* WHAT YOU ARE ASKED TO DO
Only the text carries over: repeat the records exactly and drop the images.
== Segment start ==
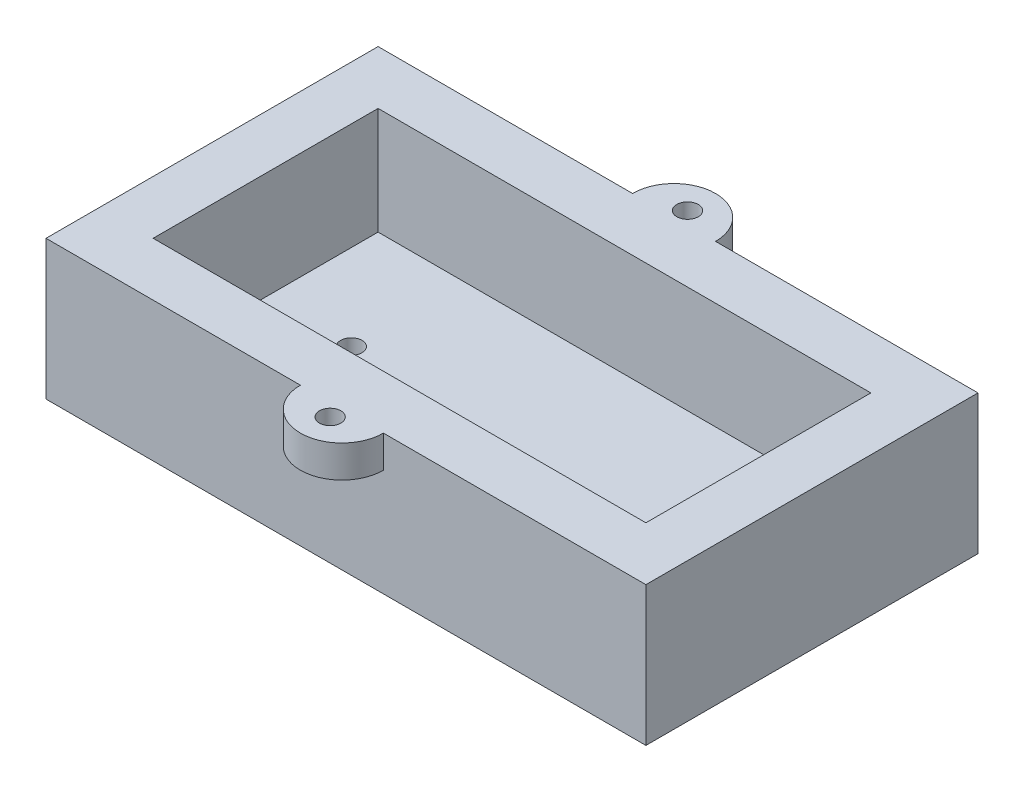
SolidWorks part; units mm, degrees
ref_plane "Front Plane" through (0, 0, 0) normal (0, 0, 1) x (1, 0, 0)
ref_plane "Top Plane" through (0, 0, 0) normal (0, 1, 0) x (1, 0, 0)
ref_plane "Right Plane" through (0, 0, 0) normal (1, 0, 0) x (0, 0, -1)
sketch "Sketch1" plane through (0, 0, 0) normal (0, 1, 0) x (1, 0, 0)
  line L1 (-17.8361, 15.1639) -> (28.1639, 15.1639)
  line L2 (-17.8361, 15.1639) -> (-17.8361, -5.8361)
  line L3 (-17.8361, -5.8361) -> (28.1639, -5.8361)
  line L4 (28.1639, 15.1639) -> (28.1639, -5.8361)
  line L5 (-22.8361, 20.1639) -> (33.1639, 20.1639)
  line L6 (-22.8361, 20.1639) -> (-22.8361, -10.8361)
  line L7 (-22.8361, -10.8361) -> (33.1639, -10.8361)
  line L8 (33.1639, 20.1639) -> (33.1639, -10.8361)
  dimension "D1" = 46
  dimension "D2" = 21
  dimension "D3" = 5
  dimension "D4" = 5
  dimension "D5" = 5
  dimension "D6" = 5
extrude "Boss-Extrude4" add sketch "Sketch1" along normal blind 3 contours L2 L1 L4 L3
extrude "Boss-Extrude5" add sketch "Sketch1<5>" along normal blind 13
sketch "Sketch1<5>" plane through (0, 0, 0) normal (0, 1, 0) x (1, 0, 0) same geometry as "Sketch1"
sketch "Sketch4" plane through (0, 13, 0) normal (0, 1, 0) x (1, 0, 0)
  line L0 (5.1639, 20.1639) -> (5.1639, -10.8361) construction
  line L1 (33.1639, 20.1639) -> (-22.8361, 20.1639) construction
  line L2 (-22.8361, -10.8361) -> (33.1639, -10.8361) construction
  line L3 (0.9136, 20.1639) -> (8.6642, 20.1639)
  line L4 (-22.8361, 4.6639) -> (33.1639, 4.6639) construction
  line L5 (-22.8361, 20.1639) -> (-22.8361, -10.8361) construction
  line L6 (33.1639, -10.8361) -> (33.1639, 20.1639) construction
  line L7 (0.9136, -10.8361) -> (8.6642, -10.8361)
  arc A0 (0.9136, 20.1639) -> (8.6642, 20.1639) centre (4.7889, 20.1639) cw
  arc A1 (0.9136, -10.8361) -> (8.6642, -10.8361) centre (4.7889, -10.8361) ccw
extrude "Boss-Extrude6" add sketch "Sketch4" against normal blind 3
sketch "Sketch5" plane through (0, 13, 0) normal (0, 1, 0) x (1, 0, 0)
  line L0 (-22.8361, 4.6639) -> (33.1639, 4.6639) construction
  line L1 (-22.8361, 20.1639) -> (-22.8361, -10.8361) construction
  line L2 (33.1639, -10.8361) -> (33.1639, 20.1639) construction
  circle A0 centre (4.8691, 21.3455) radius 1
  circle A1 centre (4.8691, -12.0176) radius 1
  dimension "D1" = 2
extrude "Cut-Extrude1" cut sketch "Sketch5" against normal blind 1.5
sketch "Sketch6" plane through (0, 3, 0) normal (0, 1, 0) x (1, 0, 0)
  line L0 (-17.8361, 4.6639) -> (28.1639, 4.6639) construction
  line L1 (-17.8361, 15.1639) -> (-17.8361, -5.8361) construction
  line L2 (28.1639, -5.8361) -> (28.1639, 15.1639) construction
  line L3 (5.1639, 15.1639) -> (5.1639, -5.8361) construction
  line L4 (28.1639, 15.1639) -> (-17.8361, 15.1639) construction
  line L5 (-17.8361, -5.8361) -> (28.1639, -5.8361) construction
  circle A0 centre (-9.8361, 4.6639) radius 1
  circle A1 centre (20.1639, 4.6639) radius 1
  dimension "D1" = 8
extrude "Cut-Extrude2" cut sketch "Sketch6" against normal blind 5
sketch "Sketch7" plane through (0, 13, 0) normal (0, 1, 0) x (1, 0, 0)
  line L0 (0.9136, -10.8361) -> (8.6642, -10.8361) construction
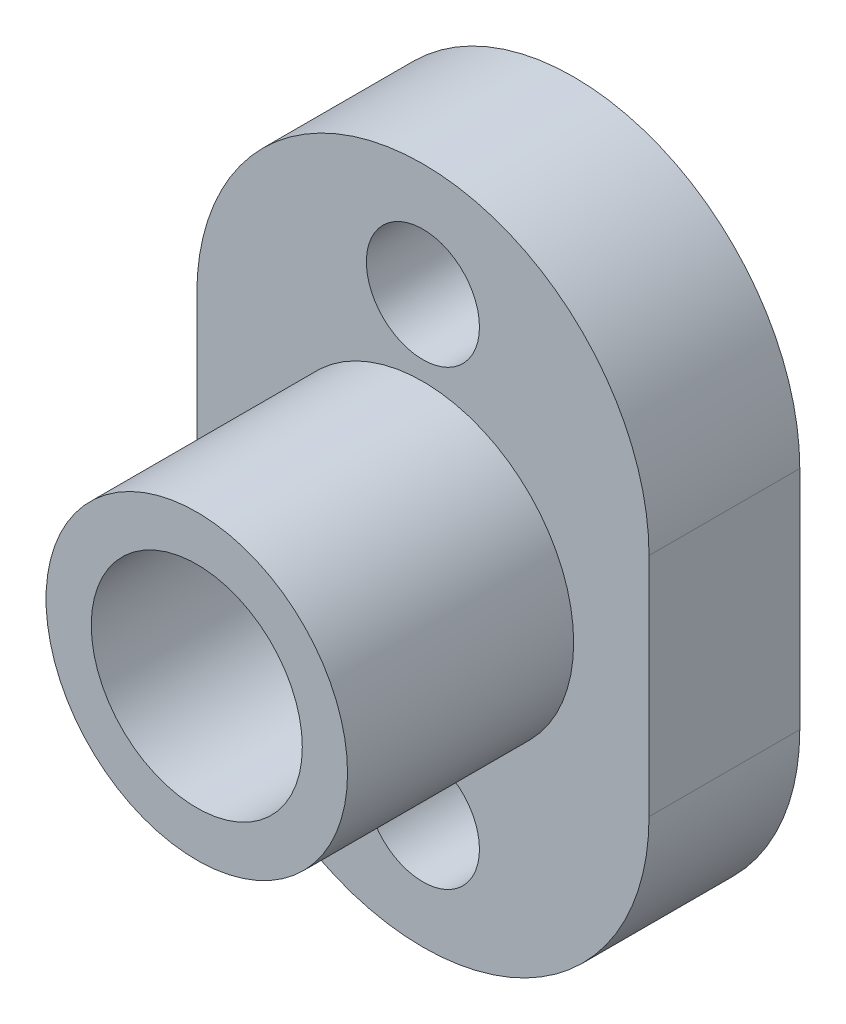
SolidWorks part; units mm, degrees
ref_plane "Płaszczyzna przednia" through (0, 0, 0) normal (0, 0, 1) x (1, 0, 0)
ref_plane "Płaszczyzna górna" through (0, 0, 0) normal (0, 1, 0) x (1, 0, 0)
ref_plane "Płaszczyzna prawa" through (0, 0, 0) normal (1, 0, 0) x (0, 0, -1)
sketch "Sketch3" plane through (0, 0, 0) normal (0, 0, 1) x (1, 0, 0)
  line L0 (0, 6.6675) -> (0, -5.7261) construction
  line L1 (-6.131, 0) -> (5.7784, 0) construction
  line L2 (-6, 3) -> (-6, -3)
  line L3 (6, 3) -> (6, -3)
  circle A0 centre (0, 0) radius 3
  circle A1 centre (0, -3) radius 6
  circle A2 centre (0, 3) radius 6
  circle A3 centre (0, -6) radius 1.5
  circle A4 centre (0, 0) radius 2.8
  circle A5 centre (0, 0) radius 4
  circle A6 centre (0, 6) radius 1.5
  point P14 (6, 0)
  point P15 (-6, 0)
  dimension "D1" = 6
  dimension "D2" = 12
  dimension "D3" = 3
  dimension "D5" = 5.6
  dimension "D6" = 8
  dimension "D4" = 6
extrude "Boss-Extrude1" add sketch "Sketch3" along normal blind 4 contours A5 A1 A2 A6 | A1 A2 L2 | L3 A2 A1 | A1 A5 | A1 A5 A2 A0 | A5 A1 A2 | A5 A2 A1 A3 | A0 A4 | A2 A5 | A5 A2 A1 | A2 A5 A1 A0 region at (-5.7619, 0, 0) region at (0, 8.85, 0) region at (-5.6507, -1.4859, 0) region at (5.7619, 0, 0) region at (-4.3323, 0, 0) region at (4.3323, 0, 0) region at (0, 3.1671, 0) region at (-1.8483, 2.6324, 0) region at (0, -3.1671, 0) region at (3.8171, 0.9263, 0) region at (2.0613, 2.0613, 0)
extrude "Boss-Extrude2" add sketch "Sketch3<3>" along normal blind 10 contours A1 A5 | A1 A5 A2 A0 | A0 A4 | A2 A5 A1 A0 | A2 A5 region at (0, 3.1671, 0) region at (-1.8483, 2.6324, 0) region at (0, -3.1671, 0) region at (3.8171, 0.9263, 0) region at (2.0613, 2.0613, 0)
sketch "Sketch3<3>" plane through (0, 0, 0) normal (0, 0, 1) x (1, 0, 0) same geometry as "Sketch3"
== Segment end ==
* SOLVED EXERCISE
SolidWorks part; units mm, degrees
ref_plane "Front Plane" through (0, 0, 0) normal (0, 0, 1) x (1, 0, 0)
ref_plane "Top Plane" through (0, 0, 0) normal (0, 1, 0) x (1, 0, 0)
ref_plane "Right Plane" through (0, 0, 0) normal (1, 0, 0) x (0, 0, -1)
sketch "Sketch1" plane through (0, 0, 0) normal (0, 1, 0) x (1, 0, 0)
  line L1 (-17.8361, 15.1639) -> (28.1639, 15.1639)
  line L2 (-17.8361, 15.1639) -> (-17.8361, -5.8361)
  line L3 (-17.8361, -5.8361) -> (28.1639, -5.8361)
  line L4 (28.1639, 15.1639) -> (28.1639, -5.8361)
  line L5 (-22.8361, 20.1639) -> (33.1639, 20.1639)
  line L6 (-22.8361, 20.1639) -> (-22.8361, -10.8361)
  line L7 (-22.8361, -10.8361) -> (33.1639, -10.8361)
  line L8 (33.1639, 20.1639) -> (33.1639, -10.8361)
  dimension "D1" = 46
  dimension "D2" = 21
  dimension "D3" = 5
  dimension "D4" = 5
  dimension "D5" = 5
  dimension "D6" = 5
extrude "Boss-Extrude4" add sketch "Sketch1" along normal blind 3 contours L2 L1 L4 L3
extrude "Boss-Extrude5" add sketch "Sketch1<5>" along normal blind 13
sketch "Sketch1<5>" plane through (0, 0, 0) normal (0, 1, 0) x (1, 0, 0) same geometry as "Sketch1"
sketch "Sketch4" plane through (0, 13, 0) normal (0, 1, 0) x (1, 0, 0)
  line L0 (5.1639, 20.1639) -> (5.1639, -10.8361) construction
  line L1 (33.1639, 20.1639) -> (-22.8361, 20.1639) construction
  line L2 (-22.8361, -10.8361) -> (33.1639, -10.8361) construction
  line L3 (0.9136, 20.1639) -> (8.6642, 20.1639)
  line L4 (-22.8361, 4.6639) -> (33.1639, 4.6639) construction
  line L5 (-22.8361, 20.1639) -> (-22.8361, -10.8361) construction
  line L6 (33.1639, -10.8361) -> (33.1639, 20.1639) construction
  line L7 (0.9136, -10.8361) -> (8.6642, -10.8361)
  arc A0 (0.9136, 20.1639) -> (8.6642, 20.1639) centre (4.7889, 20.1639) cw
  arc A1 (0.9136, -10.8361) -> (8.6642, -10.8361) centre (4.7889, -10.8361) ccw
extrude "Boss-Extrude6" add sketch "Sketch4" against normal blind 3
sketch "Sketch5" plane through (0, 13, 0) normal (0, 1, 0) x (1, 0, 0)
  line L0 (-22.8361, 4.6639) -> (33.1639, 4.6639) construction
  line L1 (-22.8361, 20.1639) -> (-22.8361, -10.8361) construction
  line L2 (33.1639, -10.8361) -> (33.1639, 20.1639) construction
  circle A0 centre (4.8691, 21.3455) radius 1
  circle A1 centre (4.8691, -12.0176) radius 1
  dimension "D1" = 2
extrude "Cut-Extrude1" cut sketch "Sketch5" against normal blind 1.5
sketch "Sketch6" plane through (0, 3, 0) normal (0, 1, 0) x (1, 0, 0)
  line L0 (-17.8361, 4.6639) -> (28.1639, 4.6639) construction
  line L1 (-17.8361, 15.1639) -> (-17.8361, -5.8361) construction
  line L2 (28.1639, -5.8361) -> (28.1639, 15.1639) construction
  line L3 (5.1639, 15.1639) -> (5.1639, -5.8361) construction
  line L4 (28.1639, 15.1639) -> (-17.8361, 15.1639) construction
  line L5 (-17.8361, -5.8361) -> (28.1639, -5.8361) construction
  circle A0 centre (-9.8361, 4.6639) radius 1
  circle A1 centre (20.1639, 4.6639) radius 1
  dimension "D1" = 8
extrude "Cut-Extrude2" cut sketch "Sketch6" against normal blind 5
sketch "Sketch7" plane through (0, 13, 0) normal (0, 1, 0) x (1, 0, 0)
  line L0 (0.9136, -10.8361) -> (8.6642, -10.8361) construction
SolidWorks part; units mm, degrees
ref_plane "Płaszczyzna przednia" through (0, 0, 0) normal (0, 0, 1) x (1, 0, 0)
ref_plane "Płaszczyzna górna" through (0, 0, 0) normal (0, 1, 0) x (1, 0, 0)
ref_plane "Płaszczyzna prawa" through (0, 0, 0) normal (1, 0, 0) x (0, 0, -1)
sketch "Sketch3" plane through (0, 0, 0) normal (0, 0, 1) x (1, 0, 0)
  line L0 (0, 6.6675) -> (0, -5.7261) construction
  line L1 (-6.131, 0) -> (5.7784, 0) construction
  line L2 (-6, 3) -> (-6, -3)
  line L3 (6, 3) -> (6, -3)
  circle A0 centre (0, 0) radius 3
  circle A1 centre (0, -3) radius 6
  circle A2 centre (0, 3) radius 6
  circle A3 centre (0, -6) radius 1.5
  circle A4 centre (0, 0) radius 2.8
  circle A5 centre (0, 0) radius 4
  circle A6 centre (0, 6) radius 1.5
  point P14 (6, 0)
  point P15 (-6, 0)
  dimension "D1" = 6
  dimension "D2" = 12
  dimension "D3" = 3
  dimension "D5" = 5.6
  dimension "D6" = 8
  dimension "D4" = 6
extrude "Boss-Extrude1" add sketch "Sketch3" along normal blind 4 contours A5 A1 A2 A6 | A1 A2 L2 | L3 A2 A1 | A1 A5 | A1 A5 A2 A0 | A5 A1 A2 | A5 A2 A1 A3 | A0 A4 | A2 A5 | A5 A2 A1 | A2 A5 A1 A0 region at (-5.7619, 0, 0) region at (0, 8.85, 0) region at (-5.6507, -1.4859, 0) region at (5.7619, 0, 0) region at (-4.3323, 0, 0) region at (4.3323, 0, 0) region at (0, 3.1671, 0) region at (-1.8483, 2.6324, 0) region at (0, -3.1671, 0) region at (3.8171, 0.9263, 0) region at (2.0613, 2.0613, 0)
extrude "Boss-Extrude2" add sketch "Sketch3<3>" along normal blind 10 contours A1 A5 | A1 A5 A2 A0 | A0 A4 | A2 A5 A1 A0 | A2 A5 region at (0, 3.1671, 0) region at (-1.8483, 2.6324, 0) region at (0, -3.1671, 0) region at (3.8171, 0.9263, 0) region at (2.0613, 2.0613, 0)
sketch "Sketch3<3>" plane through (0, 0, 0) normal (0, 0, 1) x (1, 0, 0) same geometry as "Sketch3"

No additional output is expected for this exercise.